Make maximum 1's by flipping k bits at a time

Question

Given an n-bit vector and an integer k, 1 <= k <= n, we have to maximize the number of ones in it by applying the following operation any number of times(including zero):

• Choose exactly k bits(not necessarily continuous) and flip their state (0 to 1, 1 to 0);

After some analysis, I have come to the conclusion if n > k, we can also flip any two bits simultaneously. For example for n = 5, k = 4. We can do something like this to flip last two bits only.

• xxxx_
• xxx_x

'x' represents that we flip the bit at that position.

But I am not sure how to proceed after that and I am unable to make any more observations. So, what would be a correct approach? You may assume an n^2 algorithm is feasible.

Answer 1

Dave's approach seems correct. I will share mine that I figured out after I posted the question here.

Let the number of zeroes be z, now convince yourself that if k < n, we can flip any two bits(a pair) by using a combination of the k-bit operation mentioned in the problem. Here's an argument to help you satisfy yourself with this fact, choose any k - 1 bits other than the pair you want to flip; then choose one bit from the pair along with the k - 1 we just picked, apply the operation; then choose the other bit from the pair along with the same k - 1 bits we picked earlier, apply the operation again. We are guaranteed to find these k - 1 auxiliary bits if k < n or n is at least k + 1.

So naturally, two cases arise:

• k == n : clearly we can only flip all or flip none. So the answer is max(n - z, z)
• k < n : In this case, we can flip any k bits or we can flip any 2 bits(using the argument above). Now, if z < k, we can only use the 2-bit flips and if z is odd, we are left with one bit still 0, answer is n - 1; if z is even, we flip all of them to 1's, so answer is n. Now when z >= k, we can use both k-bit fips and 2-bit flips, the claim is, if z is odd and k is even, we are left with one 0(answer is n - 1) otherwise we can always turn all 0's to 1's(answer is n).

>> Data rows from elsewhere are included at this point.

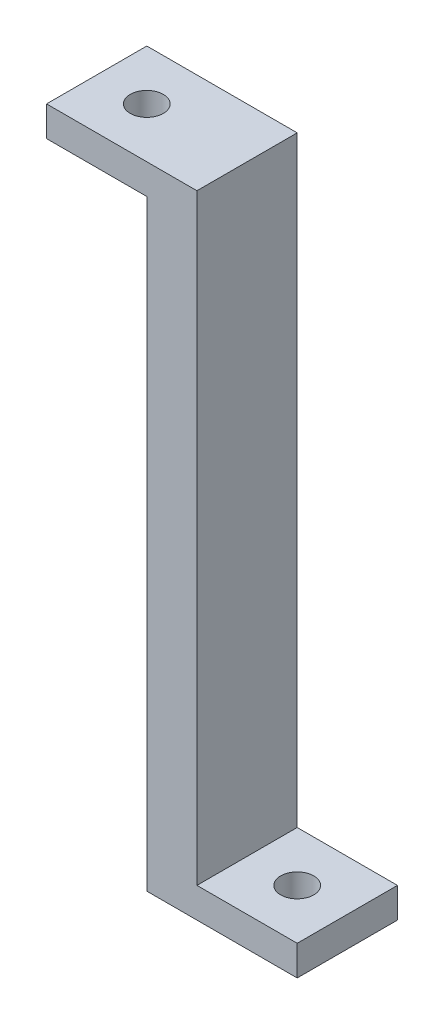
ISO-10303-21;
HEADER;
FILE_DESCRIPTION(('STEP AP214'),'2;1');
FILE_NAME('part.step','',(''),(''),'','','');
FILE_SCHEMA(('AUTOMOTIVE_DESIGN { 1 0 10303 214 1 1 1 1 }'));
ENDSEC;
DATA;
#1=APPLICATION_CONTEXT('core data for automotive mechanical design processes');
#2=APPLICATION_PROTOCOL_DEFINITION('international standard','automotive_design',2000,#1);
#3=PRODUCT_CONTEXT('',#1,'mechanical');
#4=PRODUCT('Part','Part','',(#3));
#5=PRODUCT_RELATED_PRODUCT_CATEGORY('part','',(#4));
#6=PRODUCT_DEFINITION_FORMATION('','',#4);
#7=PRODUCT_DEFINITION_CONTEXT('part definition',#1,'design');
#8=PRODUCT_DEFINITION('design','',#6,#7);
#9=PRODUCT_DEFINITION_SHAPE('','',#8);
#10=(LENGTH_UNIT() NAMED_UNIT(*) SI_UNIT(.MILLI.,.METRE.));
#11=(NAMED_UNIT(*) PLANE_ANGLE_UNIT() SI_UNIT($,.RADIAN.));
#12=(NAMED_UNIT(*) SI_UNIT($,.STERADIAN.) SOLID_ANGLE_UNIT());
#13=UNCERTAINTY_MEASURE_WITH_UNIT(LENGTH_MEASURE(1.E-05),#10,'distance_accuracy_value','');
#14=(GEOMETRIC_REPRESENTATION_CONTEXT(3) GLOBAL_UNCERTAINTY_ASSIGNED_CONTEXT((#13)) GLOBAL_UNIT_ASSIGNED_CONTEXT((#10,
#11,#12)) REPRESENTATION_CONTEXT('',''));
#15=CARTESIAN_POINT('',(0.,0.,0.));
#16=DIRECTION('',(0.,0.,1.));
#17=DIRECTION('',(1.,0.,0.));
#18=AXIS2_PLACEMENT_3D('',#15,#16,#17);
#19=CARTESIAN_POINT('',(0.,-60.,10.));
#20=DIRECTION('',(1.,0.,0.));
#21=DIRECTION('',(0.,1.,0.));
#22=AXIS2_PLACEMENT_3D('',#19,#20,#21);
#23=PLANE('',#22);
#24=DIRECTION('',(0.,-1.,0.));
#25=VECTOR('',#24,1.);
#26=CARTESIAN_POINT('',(0.,-60.,0.));
#27=LINE('',#26,#25);
#28=CARTESIAN_POINT('',(0.,0.,0.));
#29=VERTEX_POINT('',#28);
#30=CARTESIAN_POINT('',(0.,-60.,0.));
#31=VERTEX_POINT('',#30);
#32=EDGE_CURVE('E152',#29,#31,#27,.T.);
#33=ORIENTED_EDGE('',*,*,#32,.T.);
#34=DIRECTION('',(0.,0.,-1.));
#35=VECTOR('',#34,1.);
#36=CARTESIAN_POINT('',(0.,-60.,10.));
#37=LINE('',#36,#35);
#38=CARTESIAN_POINT('',(0.,-60.,10.));
#39=VERTEX_POINT('',#38);
#40=EDGE_CURVE('E11',#39,#31,#37,.T.);
#41=ORIENTED_EDGE('',*,*,#40,.F.);
#42=DIRECTION('',(0.,-1.,0.));
#43=VECTOR('',#42,1.);
#44=CARTESIAN_POINT('',(0.,-60.,10.));
#45=LINE('',#44,#43);
#46=CARTESIAN_POINT('',(0.,0.,10.));
#47=VERTEX_POINT('',#46);
#48=EDGE_CURVE('E173',#47,#39,#45,.T.);
#49=ORIENTED_EDGE('',*,*,#48,.F.);
#50=DIRECTION('',(0.,0.,-1.));
#51=VECTOR('',#50,1.);
#52=CARTESIAN_POINT('',(0.,0.,10.));
#53=LINE('',#52,#51);
#54=EDGE_CURVE('E148',#47,#29,#53,.T.);
#55=ORIENTED_EDGE('',*,*,#54,.T.);
#56=EDGE_LOOP('',(#33,#41,#49,#55));
#57=FACE_BOUND('',#56,.T.);
#58=ADVANCED_FACE('F47',(#57),#23,.F.);
#59=CARTESIAN_POINT('',(15.,-60.,10.));
#60=DIRECTION('',(0.,1.,0.));
#61=DIRECTION('',(0.,0.,1.));
#62=AXIS2_PLACEMENT_3D('',#59,#60,#61);
#63=PLANE('',#62);
#64=CARTESIAN_POINT('',(9.99999999999999,-60.,5.));
#65=DIRECTION('',(0.,1.,0.));
#66=DIRECTION('',(0.,0.,1.));
#67=AXIS2_PLACEMENT_3D('',#64,#65,#66);
#68=CIRCLE('',#67,1.65);
#69=CARTESIAN_POINT('',(9.99999999999999,-60.,6.65));
#70=VERTEX_POINT('',#69);
#71=EDGE_CURVE('E223',#70,#70,#68,.T.);
#72=ORIENTED_EDGE('',*,*,#71,.T.);
#73=EDGE_LOOP('',(#72));
#74=FACE_BOUND('',#73,.T.);
#75=DIRECTION('',(1.,0.,0.));
#76=VECTOR('',#75,1.);
#77=CARTESIAN_POINT('',(15.,-60.,0.));
#78=LINE('',#77,#76);
#79=CARTESIAN_POINT('',(15.,-60.,0.));
#80=VERTEX_POINT('',#79);
#81=EDGE_CURVE('E156',#31,#80,#78,.T.);
#82=ORIENTED_EDGE('',*,*,#81,.T.);
#83=DIRECTION('',(0.,0.,-1.));
#84=VECTOR('',#83,1.);
#85=CARTESIAN_POINT('',(15.,-60.,10.));
#86=LINE('',#85,#84);
#87=CARTESIAN_POINT('',(15.,-60.,10.));
#88=VERTEX_POINT('',#87);
#89=EDGE_CURVE('E57',#88,#80,#86,.T.);
#90=ORIENTED_EDGE('',*,*,#89,.F.);
#91=DIRECTION('',(1.,0.,0.));
#92=VECTOR('',#91,1.);
#93=CARTESIAN_POINT('',(15.,-60.,10.));
#94=LINE('',#93,#92);
#95=EDGE_CURVE('E108',#39,#88,#94,.T.);
#96=ORIENTED_EDGE('',*,*,#95,.F.);
#97=ORIENTED_EDGE('',*,*,#40,.T.);
#98=EDGE_LOOP('',(#82,#90,#96,#97));
#99=FACE_BOUND('',#98,.T.);
#100=ADVANCED_FACE('F243',(#74,#99),#63,.F.);
#101=CARTESIAN_POINT('',(15.,-57.,10.));
#102=DIRECTION('',(-1.,0.,0.));
#103=DIRECTION('',(0.,-1.,0.));
#104=AXIS2_PLACEMENT_3D('',#101,#102,#103);
#105=PLANE('',#104);
#106=DIRECTION('',(0.,1.,0.));
#107=VECTOR('',#106,1.);
#108=CARTESIAN_POINT('',(15.,-57.,0.));
#109=LINE('',#108,#107);
#110=CARTESIAN_POINT('',(15.,-57.,0.));
#111=VERTEX_POINT('',#110);
#112=EDGE_CURVE('E159',#80,#111,#109,.T.);
#113=ORIENTED_EDGE('',*,*,#112,.T.);
#114=DIRECTION('',(0.,0.,-1.));
#115=VECTOR('',#114,1.);
#116=CARTESIAN_POINT('',(15.,-57.,10.));
#117=LINE('',#116,#115);
#118=CARTESIAN_POINT('',(15.,-57.,10.));
#119=VERTEX_POINT('',#118);
#120=EDGE_CURVE('E183',#119,#111,#117,.T.);
#121=ORIENTED_EDGE('',*,*,#120,.F.);
#122=DIRECTION('',(0.,1.,0.));
#123=VECTOR('',#122,1.);
#124=CARTESIAN_POINT('',(15.,-57.,10.));
#125=LINE('',#124,#123);
#126=EDGE_CURVE('E195',#88,#119,#125,.T.);
#127=ORIENTED_EDGE('',*,*,#126,.F.);
#128=ORIENTED_EDGE('',*,*,#89,.T.);
#129=EDGE_LOOP('',(#113,#121,#127,#128));
#130=FACE_BOUND('',#129,.T.);
#131=ADVANCED_FACE('F193',(#130),#105,.F.);
#132=CARTESIAN_POINT('',(5.,-57.,10.));
#133=DIRECTION('',(0.,-1.,0.));
#134=DIRECTION('',(0.,0.,-1.));
#135=AXIS2_PLACEMENT_3D('',#132,#133,#134);
#136=PLANE('',#135);
#137=CARTESIAN_POINT('',(9.99999999999999,-57.,5.));
#138=DIRECTION('',(0.,1.,0.));
#139=DIRECTION('',(0.,0.,1.));
#140=AXIS2_PLACEMENT_3D('',#137,#138,#139);
#141=CIRCLE('',#140,1.65);
#142=CARTESIAN_POINT('',(9.99999999999999,-57.,6.65));
#143=VERTEX_POINT('',#142);
#144=EDGE_CURVE('E227',#143,#143,#141,.T.);
#145=ORIENTED_EDGE('',*,*,#144,.F.);
#146=EDGE_LOOP('',(#145));
#147=FACE_BOUND('',#146,.T.);
#148=DIRECTION('',(-1.,0.,0.));
#149=VECTOR('',#148,1.);
#150=CARTESIAN_POINT('',(5.,-57.,0.));
#151=LINE('',#150,#149);
#152=CARTESIAN_POINT('',(5.,-57.,0.));
#153=VERTEX_POINT('',#152);
#154=EDGE_CURVE('E162',#111,#153,#151,.T.);
#155=ORIENTED_EDGE('',*,*,#154,.T.);
#156=DIRECTION('',(0.,0.,-1.));
#157=VECTOR('',#156,1.);
#158=CARTESIAN_POINT('',(5.,-57.,10.));
#159=LINE('',#158,#157);
#160=CARTESIAN_POINT('',(5.,-57.,10.));
#161=VERTEX_POINT('',#160);
#162=EDGE_CURVE('E179',#161,#153,#159,.T.);
#163=ORIENTED_EDGE('',*,*,#162,.F.);
#164=DIRECTION('',(-1.,0.,0.));
#165=VECTOR('',#164,1.);
#166=CARTESIAN_POINT('',(5.,-57.,10.));
#167=LINE('',#166,#165);
#168=EDGE_CURVE('E208',#119,#161,#167,.T.);
#169=ORIENTED_EDGE('',*,*,#168,.F.);
#170=ORIENTED_EDGE('',*,*,#120,.T.);
#171=EDGE_LOOP('',(#155,#163,#169,#170));
#172=FACE_BOUND('',#171,.T.);
#173=ADVANCED_FACE('F203',(#147,#172),#136,.F.);
#174=CARTESIAN_POINT('',(4.99999999999999,3.,10.));
#175=DIRECTION('',(-1.,0.,0.));
#176=DIRECTION('',(0.,-1.,0.));
#177=AXIS2_PLACEMENT_3D('',#174,#175,#176);
#178=PLANE('',#177);
#179=DIRECTION('',(0.,1.,0.));
#180=VECTOR('',#179,1.);
#181=CARTESIAN_POINT('',(4.99999999999999,3.,0.));
#182=LINE('',#181,#180);
#183=CARTESIAN_POINT('',(4.99999999999999,3.,0.));
#184=VERTEX_POINT('',#183);
#185=EDGE_CURVE('E164',#153,#184,#182,.T.);
#186=ORIENTED_EDGE('',*,*,#185,.T.);
#187=DIRECTION('',(0.,0.,-1.));
#188=VECTOR('',#187,1.);
#189=CARTESIAN_POINT('',(4.99999999999999,3.,10.));
#190=LINE('',#189,#188);
#191=CARTESIAN_POINT('',(4.99999999999999,3.,10.));
#192=VERTEX_POINT('',#191);
#193=EDGE_CURVE('E138',#192,#184,#190,.T.);
#194=ORIENTED_EDGE('',*,*,#193,.F.);
#195=DIRECTION('',(0.,1.,0.));
#196=VECTOR('',#195,1.);
#197=CARTESIAN_POINT('',(4.99999999999999,3.,10.));
#198=LINE('',#197,#196);
#199=EDGE_CURVE('E127',#161,#192,#198,.T.);
#200=ORIENTED_EDGE('',*,*,#199,.F.);
#201=ORIENTED_EDGE('',*,*,#162,.T.);
#202=EDGE_LOOP('',(#186,#194,#200,#201));
#203=FACE_BOUND('',#202,.T.);
#204=ADVANCED_FACE('F206',(#203),#178,.F.);
#205=CARTESIAN_POINT('',(-10.,3.,10.));
#206=DIRECTION('',(0.,-1.,0.));
#207=DIRECTION('',(1.,0.,0.));
#208=AXIS2_PLACEMENT_3D('',#205,#206,#207);
#209=PLANE('',#208);
#210=CARTESIAN_POINT('',(-5.,3.,5.));
#211=DIRECTION('',(0.,1.,0.));
#212=DIRECTION('',(-1.,0.,0.));
#213=AXIS2_PLACEMENT_3D('',#210,#211,#212);
#214=CIRCLE('',#213,1.65);
#215=CARTESIAN_POINT('',(-6.65,3.,5.));
#216=VERTEX_POINT('',#215);
#217=EDGE_CURVE('E219',#216,#216,#214,.T.);
#218=ORIENTED_EDGE('',*,*,#217,.F.);
#219=EDGE_LOOP('',(#218));
#220=FACE_BOUND('',#219,.T.);
#221=DIRECTION('',(-1.,0.,0.));
#222=VECTOR('',#221,1.);
#223=CARTESIAN_POINT('',(-10.,3.,0.));
#224=LINE('',#223,#222);
#225=CARTESIAN_POINT('',(-10.,3.,0.));
#226=VERTEX_POINT('',#225);
#227=EDGE_CURVE('E136',#184,#226,#224,.T.);
#228=ORIENTED_EDGE('',*,*,#227,.T.);
#229=DIRECTION('',(0.,0.,-1.));
#230=VECTOR('',#229,1.);
#231=CARTESIAN_POINT('',(-10.,3.,10.));
#232=LINE('',#231,#230);
#233=CARTESIAN_POINT('',(-10.,3.,10.));
#234=VERTEX_POINT('',#233);
#235=EDGE_CURVE('E133',#234,#226,#232,.T.);
#236=ORIENTED_EDGE('',*,*,#235,.F.);
#237=DIRECTION('',(-1.,0.,0.));
#238=VECTOR('',#237,1.);
#239=CARTESIAN_POINT('',(-10.,3.,10.));
#240=LINE('',#239,#238);
#241=EDGE_CURVE('E121',#192,#234,#240,.T.);
#242=ORIENTED_EDGE('',*,*,#241,.F.);
#243=ORIENTED_EDGE('',*,*,#193,.T.);
#244=EDGE_LOOP('',(#228,#236,#242,#243));
#245=FACE_BOUND('',#244,.T.);
#246=ADVANCED_FACE('F134',(#220,#245),#209,.F.);
#247=CARTESIAN_POINT('',(-10.,0.,10.));
#248=DIRECTION('',(1.,0.,0.));
#249=DIRECTION('',(0.,0.,-1.));
#250=AXIS2_PLACEMENT_3D('',#247,#248,#249);
#251=PLANE('',#250);
#252=DIRECTION('',(0.,-1.,0.));
#253=VECTOR('',#252,1.);
#254=CARTESIAN_POINT('',(-10.,0.,0.));
#255=LINE('',#254,#253);
#256=CARTESIAN_POINT('',(-10.,0.,0.));
#257=VERTEX_POINT('',#256);
#258=EDGE_CURVE('E94',#226,#257,#255,.T.);
#259=ORIENTED_EDGE('',*,*,#258,.T.);
#260=DIRECTION('',(0.,0.,-1.));
#261=VECTOR('',#260,1.);
#262=CARTESIAN_POINT('',(-10.,0.,10.));
#263=LINE('',#262,#261);
#264=CARTESIAN_POINT('',(-10.,0.,10.));
#265=VERTEX_POINT('',#264);
#266=EDGE_CURVE('E139',#265,#257,#263,.T.);
#267=ORIENTED_EDGE('',*,*,#266,.F.);
#268=DIRECTION('',(0.,-1.,0.));
#269=VECTOR('',#268,1.);
#270=CARTESIAN_POINT('',(-10.,0.,10.));
#271=LINE('',#270,#269);
#272=EDGE_CURVE('E125',#234,#265,#271,.T.);
#273=ORIENTED_EDGE('',*,*,#272,.F.);
#274=ORIENTED_EDGE('',*,*,#235,.T.);
#275=EDGE_LOOP('',(#259,#267,#273,#274));
#276=FACE_BOUND('',#275,.T.);
#277=ADVANCED_FACE('F141',(#276),#251,.F.);
#278=CARTESIAN_POINT('',(0.,0.,10.));
#279=DIRECTION('',(0.,1.,0.));
#280=DIRECTION('',(-1.,0.,0.));
#281=AXIS2_PLACEMENT_3D('',#278,#279,#280);
#282=PLANE('',#281);
#283=CARTESIAN_POINT('',(-5.,0.,5.));
#284=DIRECTION('',(0.,1.,0.));
#285=DIRECTION('',(-1.,0.,0.));
#286=AXIS2_PLACEMENT_3D('',#283,#284,#285);
#287=CIRCLE('',#286,1.65);
#288=CARTESIAN_POINT('',(-6.65,0.,5.));
#289=VERTEX_POINT('',#288);
#290=EDGE_CURVE('E50',#289,#289,#287,.T.);
#291=ORIENTED_EDGE('',*,*,#290,.T.);
#292=EDGE_LOOP('',(#291));
#293=FACE_BOUND('',#292,.T.);
#294=DIRECTION('',(1.,0.,0.));
#295=VECTOR('',#294,1.);
#296=CARTESIAN_POINT('',(0.,0.,0.));
#297=LINE('',#296,#295);
#298=EDGE_CURVE('E100',#257,#29,#297,.T.);
#299=ORIENTED_EDGE('',*,*,#298,.T.);
#300=ORIENTED_EDGE('',*,*,#54,.F.);
#301=DIRECTION('',(1.,0.,0.));
#302=VECTOR('',#301,1.);
#303=CARTESIAN_POINT('',(0.,0.,10.));
#304=LINE('',#303,#302);
#305=EDGE_CURVE('E65',#265,#47,#304,.T.);
#306=ORIENTED_EDGE('',*,*,#305,.F.);
#307=ORIENTED_EDGE('',*,*,#266,.T.);
#308=EDGE_LOOP('',(#299,#300,#306,#307));
#309=FACE_BOUND('',#308,.T.);
#310=ADVANCED_FACE('F253',(#293,#309),#282,.F.);
#311=CARTESIAN_POINT('',(0.,0.,10.));
#312=DIRECTION('',(0.,0.,1.));
#313=DIRECTION('',(1.,0.,0.));
#314=AXIS2_PLACEMENT_3D('',#311,#312,#313);
#315=PLANE('',#314);
#316=ORIENTED_EDGE('',*,*,#48,.T.);
#317=ORIENTED_EDGE('',*,*,#95,.T.);
#318=ORIENTED_EDGE('',*,*,#126,.T.);
#319=ORIENTED_EDGE('',*,*,#168,.T.);
#320=ORIENTED_EDGE('',*,*,#199,.T.);
#321=ORIENTED_EDGE('',*,*,#241,.T.);
#322=ORIENTED_EDGE('',*,*,#272,.T.);
#323=ORIENTED_EDGE('',*,*,#305,.T.);
#324=EDGE_LOOP('',(#316,#317,#318,#319,#320,#321,#322,#323));
#325=FACE_BOUND('',#324,.T.);
#326=ADVANCED_FACE('F123',(#325),#315,.T.);
#327=CARTESIAN_POINT('',(0.,0.,0.));
#328=DIRECTION('',(0.,0.,1.));
#329=DIRECTION('',(1.,0.,0.));
#330=AXIS2_PLACEMENT_3D('',#327,#328,#329);
#331=PLANE('',#330);
#332=ORIENTED_EDGE('',*,*,#32,.F.);
#333=ORIENTED_EDGE('',*,*,#298,.F.);
#334=ORIENTED_EDGE('',*,*,#258,.F.);
#335=ORIENTED_EDGE('',*,*,#227,.F.);
#336=ORIENTED_EDGE('',*,*,#185,.F.);
#337=ORIENTED_EDGE('',*,*,#154,.F.);
#338=ORIENTED_EDGE('',*,*,#112,.F.);
#339=ORIENTED_EDGE('',*,*,#81,.F.);
#340=EDGE_LOOP('',(#332,#333,#334,#335,#336,#337,#338,#339));
#341=FACE_BOUND('',#340,.T.);
#342=ADVANCED_FACE('F199',(#341),#331,.F.);
#343=CARTESIAN_POINT('',(-5.,-7.,5.));
#344=DIRECTION('',(0.,1.,0.));
#345=DIRECTION('',(-1.,0.,0.));
#346=AXIS2_PLACEMENT_3D('',#343,#344,#345);
#347=CYLINDRICAL_SURFACE('',#346,1.65);
#348=ORIENTED_EDGE('',*,*,#217,.T.);
#349=EDGE_LOOP('',(#348));
#350=FACE_BOUND('',#349,.T.);
#351=ORIENTED_EDGE('',*,*,#290,.F.);
#352=EDGE_LOOP('',(#351));
#353=FACE_BOUND('',#352,.T.);
#354=ADVANCED_FACE('F272',(#350,#353),#347,.F.);
#355=CARTESIAN_POINT('',(9.99999999999999,-67.,5.));
#356=DIRECTION('',(0.,1.,0.));
#357=DIRECTION('',(0.,0.,1.));
#358=AXIS2_PLACEMENT_3D('',#355,#356,#357);
#359=CYLINDRICAL_SURFACE('',#358,1.65);
#360=ORIENTED_EDGE('',*,*,#144,.T.);
#361=EDGE_LOOP('',(#360));
#362=FACE_BOUND('',#361,.T.);
#363=ORIENTED_EDGE('',*,*,#71,.F.);
#364=EDGE_LOOP('',(#363));
#365=FACE_BOUND('',#364,.T.);
#366=ADVANCED_FACE('F233',(#362,#365),#359,.F.);
#367=CLOSED_SHELL('',(#58,#100,#131,#173,#204,#246,#277,#310,#326,#342,#354,#366));
#368=MANIFOLD_SOLID_BREP('B2',#367);
#369=ADVANCED_BREP_SHAPE_REPRESENTATION('',(#18,#368),#14);
#370=SHAPE_DEFINITION_REPRESENTATION(#9,#369);
ENDSEC;
END-ISO-10303-21;

Explanation of the last claim: If we can use both k-bit flips and 2-bit flips and z happens to be odd, we try to use one k-bit flip to change the parity of remaining 0's(parity of z - k). We can only do so if k is odd otherwise we can't do it and using 2-bit operations on odd number of zeroes will leave us with one zero. So, in a nutshell, if k is even with odd z, we will be left with one 0, otherwise we get all 1's.

Answer 2

Flip zeroes until the number of zeroes is below k. Let m be the number of zeroes.

Flip k - m/2 ones and m/2 zeroes (integer division). Now you have m + (k-m/2) - m/2 = m + k - m/2 - m/2 ~ k zeroes. (approximate b/c of the integer division).

Finally, flip all the zeroes and as many ones as necessary to get k total flips. This will be either all ones or close depending on the parity of m.